There are many different types of MPS including: Hurler; Hunter; Sanfillipo; Morquio; Maroteaus-Lamy and Sly.

Seven distinct clinical types and numerous subtypes of the mucopolysaccharidoses have been identified. Although each mucopolysaccharidosis (MPS) differs clinically, most patients generally experience a period of normal development followed by a decline in physical and/or mental function. (Note: MPS-V and MPS-VIII are no longer in use as designations for any disease.)

Symptoms
Patients with MPS appear normal at birth and usually present with developmental delay in the first year of life. The different types have slight variation in symptoms, which include problems with their eyes, skin, heart, bones and mental retardation.

Hurler syndrome (MPS 1) typifies MPS. It is the most severe form, progresses quickly and normally results in death by the age of 10. The clinical features of Hurler syndrome are:

•Coarse faces, large tongues, male-pattern hairiness and corneal clouding
•Airway problems and glue ear
•Skeletal deformities
•Cardiomyopathy (a problem with the heart muscle)
•Large liver and spleen
•Hernias
•Stiff joins
•Hearing loss
•Developmental delay and retardation

Causes:
MPS is an inherited disease. The majority of types are inherited by autosomal recessive transmission. That means that if both of your parents are carriers, you have a one if four chance of having the disease.

Diagnosis:
Diagnosis often can be made through clinical examination and urine tests (excess mucopolysaccharides are excreted in the urine). Enzyme assays (testing a variety of cells or body fluids in culture for enzyme deficiency) are also used to provide definitive diagnosis of one of the mucopolysaccharidoses. Prenatal diagnosis using amniocentesis and chorionic villus sampling can verify if a fetus either carries a copy of the defective gene or is affected with the disorder. Genetic counseling can help parents who have a family history of the mucopolysaccharidoses determine if they are carrying the mutated gene that causes the disorders.

Treatment:
Currently there is no cure for these disorders. Medical care is directed at treating systemic conditions and improving the person’s quality of life. Physical therapy and daily exercise may delay joint problems and improve the ability to move.

Changes to the diet will not prevent disease progression, but limiting milk, sugar, and dairy products has helped some individuals experiencing excessive mucus.
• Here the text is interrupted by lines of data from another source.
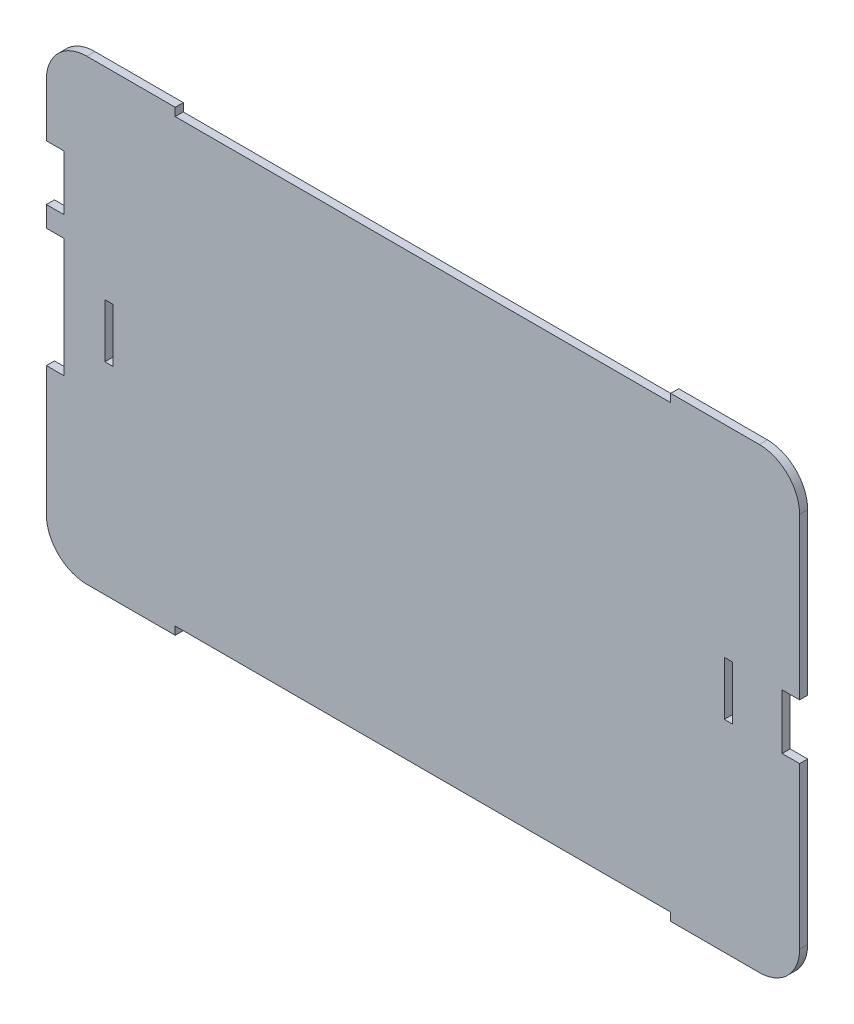
ISO-10303-21;
HEADER;
FILE_DESCRIPTION(('STEP AP214'),'2;1');
FILE_NAME('part.step','',(''),(''),'','','');
FILE_SCHEMA(('AUTOMOTIVE_DESIGN { 1 0 10303 214 1 1 1 1 }'));
ENDSEC;
DATA;
#1=APPLICATION_CONTEXT('core data for automotive mechanical design processes');
#2=APPLICATION_PROTOCOL_DEFINITION('international standard','automotive_design',2000,#1);
#3=PRODUCT_CONTEXT('',#1,'mechanical');
#4=PRODUCT('Part','Part','',(#3));
#5=PRODUCT_RELATED_PRODUCT_CATEGORY('part','',(#4));
#6=PRODUCT_DEFINITION_FORMATION('','',#4);
#7=PRODUCT_DEFINITION_CONTEXT('part definition',#1,'design');
#8=PRODUCT_DEFINITION('design','',#6,#7);
#9=PRODUCT_DEFINITION_SHAPE('','',#8);
#10=(LENGTH_UNIT() NAMED_UNIT(*) SI_UNIT(.MILLI.,.METRE.));
#11=(NAMED_UNIT(*) PLANE_ANGLE_UNIT() SI_UNIT($,.RADIAN.));
#12=(NAMED_UNIT(*) SI_UNIT($,.STERADIAN.) SOLID_ANGLE_UNIT());
#13=UNCERTAINTY_MEASURE_WITH_UNIT(LENGTH_MEASURE(1.E-05),#10,'distance_accuracy_value','');
#14=(GEOMETRIC_REPRESENTATION_CONTEXT(3) GLOBAL_UNCERTAINTY_ASSIGNED_CONTEXT((#13)) GLOBAL_UNIT_ASSIGNED_CONTEXT((#10,
#11,#12)) REPRESENTATION_CONTEXT('',''));
#15=CARTESIAN_POINT('',(0.,0.,0.));
#16=DIRECTION('',(0.,0.,1.));
#17=DIRECTION('',(1.,0.,0.));
#18=AXIS2_PLACEMENT_3D('',#15,#16,#17);
#19=CARTESIAN_POINT('',(57.6551532349819,-12.,3.));
#20=DIRECTION('',(-1.,0.,0.));
#21=DIRECTION('',(0.,-1.,0.));
#22=AXIS2_PLACEMENT_3D('',#19,#20,#21);
#23=PLANE('',#22);
#24=DIRECTION('',(0.,1.,0.));
#25=VECTOR('',#24,1.);
#26=CARTESIAN_POINT('',(57.6551532349819,-12.,3.));
#27=LINE('',#26,#25);
#28=CARTESIAN_POINT('',(57.655153234982,-71.75,3.));
#29=VERTEX_POINT('',#28);
#30=CARTESIAN_POINT('',(57.655153234982,-12.,3.));
#31=VERTEX_POINT('',#30);
#32=EDGE_CURVE('E438',#29,#31,#27,.T.);
#33=ORIENTED_EDGE('',*,*,#32,.F.);
#34=DIRECTION('',(0.,0.,1.));
#35=VECTOR('',#34,1.);
#36=CARTESIAN_POINT('',(57.655153234982,-71.75,0.));
#37=LINE('',#36,#35);
#38=CARTESIAN_POINT('',(57.655153234982,-71.75,0.));
#39=VERTEX_POINT('',#38);
#40=EDGE_CURVE('E357',#39,#29,#37,.T.);
#41=ORIENTED_EDGE('',*,*,#40,.F.);
#42=DIRECTION('',(0.,1.,0.));
#43=VECTOR('',#42,1.);
#44=CARTESIAN_POINT('',(57.6551532349819,-12.,0.));
#45=LINE('',#44,#43);
#46=CARTESIAN_POINT('',(57.655153234982,-12.,0.));
#47=VERTEX_POINT('',#46);
#48=EDGE_CURVE('E476',#39,#47,#45,.T.);
#49=ORIENTED_EDGE('',*,*,#48,.T.);
#50=DIRECTION('',(0.,0.,-1.));
#51=VECTOR('',#50,1.);
#52=CARTESIAN_POINT('',(57.655153234982,-12.,3.));
#53=LINE('',#52,#51);
#54=EDGE_CURVE('E508',#31,#47,#53,.T.);
#55=ORIENTED_EDGE('',*,*,#54,.F.);
#56=EDGE_LOOP('',(#33,#41,#49,#55));
#57=FACE_BOUND('',#56,.T.);
#58=ADVANCED_FACE('F35',(#57),#23,.F.);
#59=CARTESIAN_POINT('',(-222.344846765018,-12.,3.));
#60=DIRECTION('',(1.,0.,0.));
#61=DIRECTION('',(0.,0.,-1.));
#62=AXIS2_PLACEMENT_3D('',#59,#60,#61);
#63=PLANE('',#62);
#64=DIRECTION('',(0.,-1.,0.));
#65=VECTOR('',#64,1.);
#66=CARTESIAN_POINT('',(-222.344846765018,-12.,0.));
#67=LINE('',#66,#65);
#68=CARTESIAN_POINT('',(-222.344846765018,-52.25,0.));
#69=VERTEX_POINT('',#68);
#70=CARTESIAN_POINT('',(-222.344846765018,-59.9,0.));
#71=VERTEX_POINT('',#70);
#72=EDGE_CURVE('E462',#69,#71,#67,.T.);
#73=ORIENTED_EDGE('',*,*,#72,.T.);
#74=DIRECTION('',(0.,0.,1.));
#75=VECTOR('',#74,1.);
#76=CARTESIAN_POINT('',(-222.344846765018,-59.9,0.));
#77=LINE('',#76,#75);
#78=CARTESIAN_POINT('',(-222.344846765018,-59.9,3.));
#79=VERTEX_POINT('',#78);
#80=EDGE_CURVE('E380',#71,#79,#77,.T.);
#81=ORIENTED_EDGE('',*,*,#80,.T.);
#82=DIRECTION('',(0.,-1.,0.));
#83=VECTOR('',#82,1.);
#84=CARTESIAN_POINT('',(-222.344846765018,-12.,3.));
#85=LINE('',#84,#83);
#86=CARTESIAN_POINT('',(-222.344846765018,-52.25,3.));
#87=VERTEX_POINT('',#86);
#88=EDGE_CURVE('E424',#87,#79,#85,.T.);
#89=ORIENTED_EDGE('',*,*,#88,.F.);
#90=DIRECTION('',(0.,0.,1.));
#91=VECTOR('',#90,1.);
#92=CARTESIAN_POINT('',(-222.344846765018,-52.25,0.));
#93=LINE('',#92,#91);
#94=EDGE_CURVE('E409',#69,#87,#93,.T.);
#95=ORIENTED_EDGE('',*,*,#94,.F.);
#96=EDGE_LOOP('',(#73,#81,#89,#95));
#97=FACE_BOUND('',#96,.T.);
#98=ADVANCED_FACE('F569',(#97),#63,.F.);
#99=CARTESIAN_POINT('',(-222.344846765018,-104.1,3.));
#100=VERTEX_POINT('',#99);
#101=CARTESIAN_POINT('',(-222.344846765018,-152.,3.));
#102=VERTEX_POINT('',#101);
#103=EDGE_CURVE('E418',#100,#102,#85,.T.);
#104=ORIENTED_EDGE('',*,*,#103,.F.);
#105=DIRECTION('',(0.,0.,1.));
#106=VECTOR('',#105,1.);
#107=CARTESIAN_POINT('',(-222.344846765018,-104.1,0.));
#108=LINE('',#107,#106);
#109=CARTESIAN_POINT('',(-222.344846765018,-104.1,0.));
#110=VERTEX_POINT('',#109);
#111=EDGE_CURVE('E373',#110,#100,#108,.T.);
#112=ORIENTED_EDGE('',*,*,#111,.F.);
#113=CARTESIAN_POINT('',(-222.344846765018,-152.,0.));
#114=VERTEX_POINT('',#113);
#115=EDGE_CURVE('E457',#110,#114,#67,.T.);
#116=ORIENTED_EDGE('',*,*,#115,.T.);
#117=DIRECTION('',(0.,0.,-1.));
#118=VECTOR('',#117,1.);
#119=CARTESIAN_POINT('',(-222.344846765018,-152.,3.));
#120=LINE('',#119,#118);
#121=EDGE_CURVE('E43',#102,#114,#120,.T.);
#122=ORIENTED_EDGE('',*,*,#121,.F.);
#123=EDGE_LOOP('',(#104,#112,#116,#122));
#124=FACE_BOUND('',#123,.T.);
#125=ADVANCED_FACE('F579',(#124),#63,.F.);
#126=CARTESIAN_POINT('',(-207.344846765018,-12.,3.));
#127=DIRECTION('',(0.,0.,-1.));
#128=DIRECTION('',(-1.,0.,0.));
#129=AXIS2_PLACEMENT_3D('',#126,#127,#128);
#130=CYLINDRICAL_SURFACE('',#129,15.);
#131=CARTESIAN_POINT('',(-207.344846765018,-12.,0.));
#132=DIRECTION('',(0.,0.,1.));
#133=DIRECTION('',(-1.,0.,0.));
#134=AXIS2_PLACEMENT_3D('',#131,#132,#133);
#135=CIRCLE('',#134,15.);
#136=CARTESIAN_POINT('',(-207.344846765018,2.99999999999996,0.));
#137=VERTEX_POINT('',#136);
#138=CARTESIAN_POINT('',(-222.344846765018,-12.,0.));
#139=VERTEX_POINT('',#138);
#140=EDGE_CURVE('E408',#137,#139,#135,.T.);
#141=ORIENTED_EDGE('',*,*,#140,.T.);
#142=DIRECTION('',(0.,0.,-1.));
#143=VECTOR('',#142,1.);
#144=CARTESIAN_POINT('',(-222.344846765018,-12.,3.));
#145=LINE('',#144,#143);
#146=CARTESIAN_POINT('',(-222.344846765018,-12.,3.));
#147=VERTEX_POINT('',#146);
#148=EDGE_CURVE('E11',#147,#139,#145,.T.);
#149=ORIENTED_EDGE('',*,*,#148,.F.);
#150=CARTESIAN_POINT('',(-207.344846765018,-12.,3.));
#151=DIRECTION('',(0.,0.,1.));
#152=DIRECTION('',(-1.,0.,0.));
#153=AXIS2_PLACEMENT_3D('',#150,#151,#152);
#154=CIRCLE('',#153,15.);
#155=CARTESIAN_POINT('',(-207.344846765018,2.99999999999996,3.));
#156=VERTEX_POINT('',#155);
#157=EDGE_CURVE('E415',#156,#147,#154,.T.);
#158=ORIENTED_EDGE('',*,*,#157,.F.);
#159=DIRECTION('',(0.,0.,-1.));
#160=VECTOR('',#159,1.);
#161=CARTESIAN_POINT('',(-207.344846765018,2.99999999999996,3.));
#162=LINE('',#161,#160);
#163=EDGE_CURVE('E454',#156,#137,#162,.T.);
#164=ORIENTED_EDGE('',*,*,#163,.T.);
#165=EDGE_LOOP('',(#141,#149,#158,#164));
#166=FACE_BOUND('',#165,.T.);
#167=ADVANCED_FACE('F37',(#166),#130,.T.);
#168=CARTESIAN_POINT('',(-222.344846765018,-31.75,0.));
#169=VERTEX_POINT('',#168);
#170=EDGE_CURVE('E458',#139,#169,#67,.T.);
#171=ORIENTED_EDGE('',*,*,#170,.T.);
#172=DIRECTION('',(0.,0.,1.));
#173=VECTOR('',#172,1.);
#174=CARTESIAN_POINT('',(-222.344846765018,-31.75,0.));
#175=LINE('',#174,#173);
#176=CARTESIAN_POINT('',(-222.344846765018,-31.75,3.));
#177=VERTEX_POINT('',#176);
#178=EDGE_CURVE('E411',#169,#177,#175,.T.);
#179=ORIENTED_EDGE('',*,*,#178,.T.);
#180=EDGE_CURVE('E420',#147,#177,#85,.T.);
#181=ORIENTED_EDGE('',*,*,#180,.F.);
#182=ORIENTED_EDGE('',*,*,#148,.T.);
#183=EDGE_LOOP('',(#171,#179,#181,#182));
#184=FACE_BOUND('',#183,.T.);
#185=ADVANCED_FACE('F581',(#184),#63,.F.);
#186=CARTESIAN_POINT('',(-207.344846765018,-152.,3.));
#187=DIRECTION('',(0.,0.,-1.));
#188=DIRECTION('',(-1.,0.,0.));
#189=AXIS2_PLACEMENT_3D('',#186,#187,#188);
#190=CYLINDRICAL_SURFACE('',#189,15.);
#191=CARTESIAN_POINT('',(-207.344846765018,-152.,0.));
#192=DIRECTION('',(0.,0.,1.));
#193=DIRECTION('',(1.,0.,0.));
#194=AXIS2_PLACEMENT_3D('',#191,#192,#193);
#195=CIRCLE('',#194,15.);
#196=CARTESIAN_POINT('',(-207.344846765018,-167.,0.));
#197=VERTEX_POINT('',#196);
#198=EDGE_CURVE('E461',#114,#197,#195,.T.);
#199=ORIENTED_EDGE('',*,*,#198,.T.);
#200=DIRECTION('',(0.,0.,-1.));
#201=VECTOR('',#200,1.);
#202=CARTESIAN_POINT('',(-207.344846765018,-167.,3.));
#203=LINE('',#202,#201);
#204=CARTESIAN_POINT('',(-207.344846765018,-167.,3.));
#205=VERTEX_POINT('',#204);
#206=EDGE_CURVE('E529',#205,#197,#203,.T.);
#207=ORIENTED_EDGE('',*,*,#206,.F.);
#208=CARTESIAN_POINT('',(-207.344846765018,-152.,3.));
#209=DIRECTION('',(0.,0.,1.));
#210=DIRECTION('',(1.,0.,0.));
#211=AXIS2_PLACEMENT_3D('',#208,#209,#210);
#212=CIRCLE('',#211,15.);
#213=EDGE_CURVE('E423',#102,#205,#212,.T.);
#214=ORIENTED_EDGE('',*,*,#213,.F.);
#215=ORIENTED_EDGE('',*,*,#121,.T.);
#216=EDGE_LOOP('',(#199,#207,#214,#215));
#217=FACE_BOUND('',#216,.T.);
#218=ADVANCED_FACE('F536',(#217),#190,.T.);
#219=CARTESIAN_POINT('',(-207.344846765018,-167.,3.));
#220=DIRECTION('',(0.,1.,0.));
#221=DIRECTION('',(0.,0.,1.));
#222=AXIS2_PLACEMENT_3D('',#219,#220,#221);
#223=PLANE('',#222);
#224=DIRECTION('',(1.,0.,0.));
#225=VECTOR('',#224,1.);
#226=CARTESIAN_POINT('',(-207.344846765018,-167.,0.));
#227=LINE('',#226,#225);
#228=CARTESIAN_POINT('',(-174.444846765018,-167.,0.));
#229=VERTEX_POINT('',#228);
#230=EDGE_CURVE('E464',#197,#229,#227,.T.);
#231=ORIENTED_EDGE('',*,*,#230,.T.);
#232=DIRECTION('',(0.,0.,-1.));
#233=VECTOR('',#232,1.);
#234=CARTESIAN_POINT('',(-174.444846765018,-167.,3.));
#235=LINE('',#234,#233);
#236=CARTESIAN_POINT('',(-174.444846765018,-167.,3.));
#237=VERTEX_POINT('',#236);
#238=EDGE_CURVE('E526',#237,#229,#235,.T.);
#239=ORIENTED_EDGE('',*,*,#238,.F.);
#240=DIRECTION('',(1.,0.,0.));
#241=VECTOR('',#240,1.);
#242=CARTESIAN_POINT('',(-207.344846765018,-167.,3.));
#243=LINE('',#242,#241);
#244=EDGE_CURVE('E426',#205,#237,#243,.T.);
#245=ORIENTED_EDGE('',*,*,#244,.F.);
#246=ORIENTED_EDGE('',*,*,#206,.T.);
#247=EDGE_LOOP('',(#231,#239,#245,#246));
#248=FACE_BOUND('',#247,.T.);
#249=ADVANCED_FACE('F547',(#248),#223,.F.);
#250=CARTESIAN_POINT('',(-174.444846765018,-167.,3.));
#251=DIRECTION('',(-1.,0.,0.));
#252=DIRECTION('',(0.,-1.,0.));
#253=AXIS2_PLACEMENT_3D('',#250,#251,#252);
#254=PLANE('',#253);
#255=DIRECTION('',(0.,1.,0.));
#256=VECTOR('',#255,1.);
#257=CARTESIAN_POINT('',(-174.444846765018,-167.,0.));
#258=LINE('',#257,#256);
#259=CARTESIAN_POINT('',(-174.444846765018,-164.,0.));
#260=VERTEX_POINT('',#259);
#261=EDGE_CURVE('E466',#229,#260,#258,.T.);
#262=ORIENTED_EDGE('',*,*,#261,.T.);
#263=DIRECTION('',(0.,0.,-1.));
#264=VECTOR('',#263,1.);
#265=CARTESIAN_POINT('',(-174.444846765018,-164.,3.));
#266=LINE('',#265,#264);
#267=CARTESIAN_POINT('',(-174.444846765018,-164.,3.));
#268=VERTEX_POINT('',#267);
#269=EDGE_CURVE('E523',#268,#260,#266,.T.);
#270=ORIENTED_EDGE('',*,*,#269,.F.);
#271=DIRECTION('',(0.,1.,0.));
#272=VECTOR('',#271,1.);
#273=CARTESIAN_POINT('',(-174.444846765018,-167.,3.));
#274=LINE('',#273,#272);
#275=EDGE_CURVE('E428',#237,#268,#274,.T.);
#276=ORIENTED_EDGE('',*,*,#275,.F.);
#277=ORIENTED_EDGE('',*,*,#238,.T.);
#278=EDGE_LOOP('',(#262,#270,#276,#277));
#279=FACE_BOUND('',#278,.T.);
#280=ADVANCED_FACE('F551',(#279),#254,.F.);
#281=CARTESIAN_POINT('',(-174.444846765018,-164.,3.));
#282=DIRECTION('',(0.,1.,0.));
#283=DIRECTION('',(0.,0.,1.));
#284=AXIS2_PLACEMENT_3D('',#281,#282,#283);
#285=PLANE('',#284);
#286=DIRECTION('',(1.,0.,0.));
#287=VECTOR('',#286,1.);
#288=CARTESIAN_POINT('',(-174.444846765018,-164.,0.));
#289=LINE('',#288,#287);
#290=CARTESIAN_POINT('',(9.75515323498197,-164.,0.));
#291=VERTEX_POINT('',#290);
#292=EDGE_CURVE('E468',#260,#291,#289,.T.);
#293=ORIENTED_EDGE('',*,*,#292,.T.);
#294=DIRECTION('',(0.,0.,-1.));
#295=VECTOR('',#294,1.);
#296=CARTESIAN_POINT('',(9.75515323498197,-164.,3.));
#297=LINE('',#296,#295);
#298=CARTESIAN_POINT('',(9.75515323498197,-164.,3.));
#299=VERTEX_POINT('',#298);
#300=EDGE_CURVE('E520',#299,#291,#297,.T.);
#301=ORIENTED_EDGE('',*,*,#300,.F.);
#302=DIRECTION('',(1.,0.,0.));
#303=VECTOR('',#302,1.);
#304=CARTESIAN_POINT('',(-174.444846765018,-164.,3.));
#305=LINE('',#304,#303);
#306=EDGE_CURVE('E430',#268,#299,#305,.T.);
#307=ORIENTED_EDGE('',*,*,#306,.F.);
#308=ORIENTED_EDGE('',*,*,#269,.T.);
#309=EDGE_LOOP('',(#293,#301,#307,#308));
#310=FACE_BOUND('',#309,.T.);
#311=ADVANCED_FACE('F632',(#310),#285,.F.);
#312=CARTESIAN_POINT('',(9.75515323498197,-164.,3.));
#313=DIRECTION('',(1.,0.,0.));
#314=DIRECTION('',(0.,1.,0.));
#315=AXIS2_PLACEMENT_3D('',#312,#313,#314);
#316=PLANE('',#315);
#317=DIRECTION('',(0.,-1.,0.));
#318=VECTOR('',#317,1.);
#319=CARTESIAN_POINT('',(9.75515323498197,-164.,0.));
#320=LINE('',#319,#318);
#321=CARTESIAN_POINT('',(9.75515323498196,-167.,0.));
#322=VERTEX_POINT('',#321);
#323=EDGE_CURVE('E470',#291,#322,#320,.T.);
#324=ORIENTED_EDGE('',*,*,#323,.T.);
#325=DIRECTION('',(0.,0.,-1.));
#326=VECTOR('',#325,1.);
#327=CARTESIAN_POINT('',(9.75515323498196,-167.,3.));
#328=LINE('',#327,#326);
#329=CARTESIAN_POINT('',(9.75515323498196,-167.,3.));
#330=VERTEX_POINT('',#329);
#331=EDGE_CURVE('E517',#330,#322,#328,.T.);
#332=ORIENTED_EDGE('',*,*,#331,.F.);
#333=DIRECTION('',(0.,-1.,0.));
#334=VECTOR('',#333,1.);
#335=CARTESIAN_POINT('',(9.75515323498197,-164.,3.));
#336=LINE('',#335,#334);
#337=EDGE_CURVE('E432',#299,#330,#336,.T.);
#338=ORIENTED_EDGE('',*,*,#337,.F.);
#339=ORIENTED_EDGE('',*,*,#300,.T.);
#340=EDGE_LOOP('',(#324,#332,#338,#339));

Surgery to remove tonsils and adenoids may improve breathing among affected individuals with obstructive airway disorders and sleep apnea. Sleep studies can assess airway status and the possible need for nighttime oxygen. Some patients may require surgical insertion of an endotrachial tube to aid breathing. Surgery can also correct hernias, help drain excessive cerebrospinal fluid from the brain, and free nerves and nerve roots compressed by skeletal and other abnormalities. Corneal transplants may improve vision among patients with significant corneal clouding.

Enzyme replacement therapy (ERT) are currently in use or are being tested. Enzyme replacement therapy has proven useful in reducing non-neurological symptoms and pain. Currently BioMarin Pharmaceutical produces enzyme replacement therapies for MPS type I and VI. In July 2006, the United States Food and Drug Administration approved a synthetic version of I2S produced by Shire Pharmaceuticals Group, called Elaprase, as a treatment for MPS type II (Hunter syndrome).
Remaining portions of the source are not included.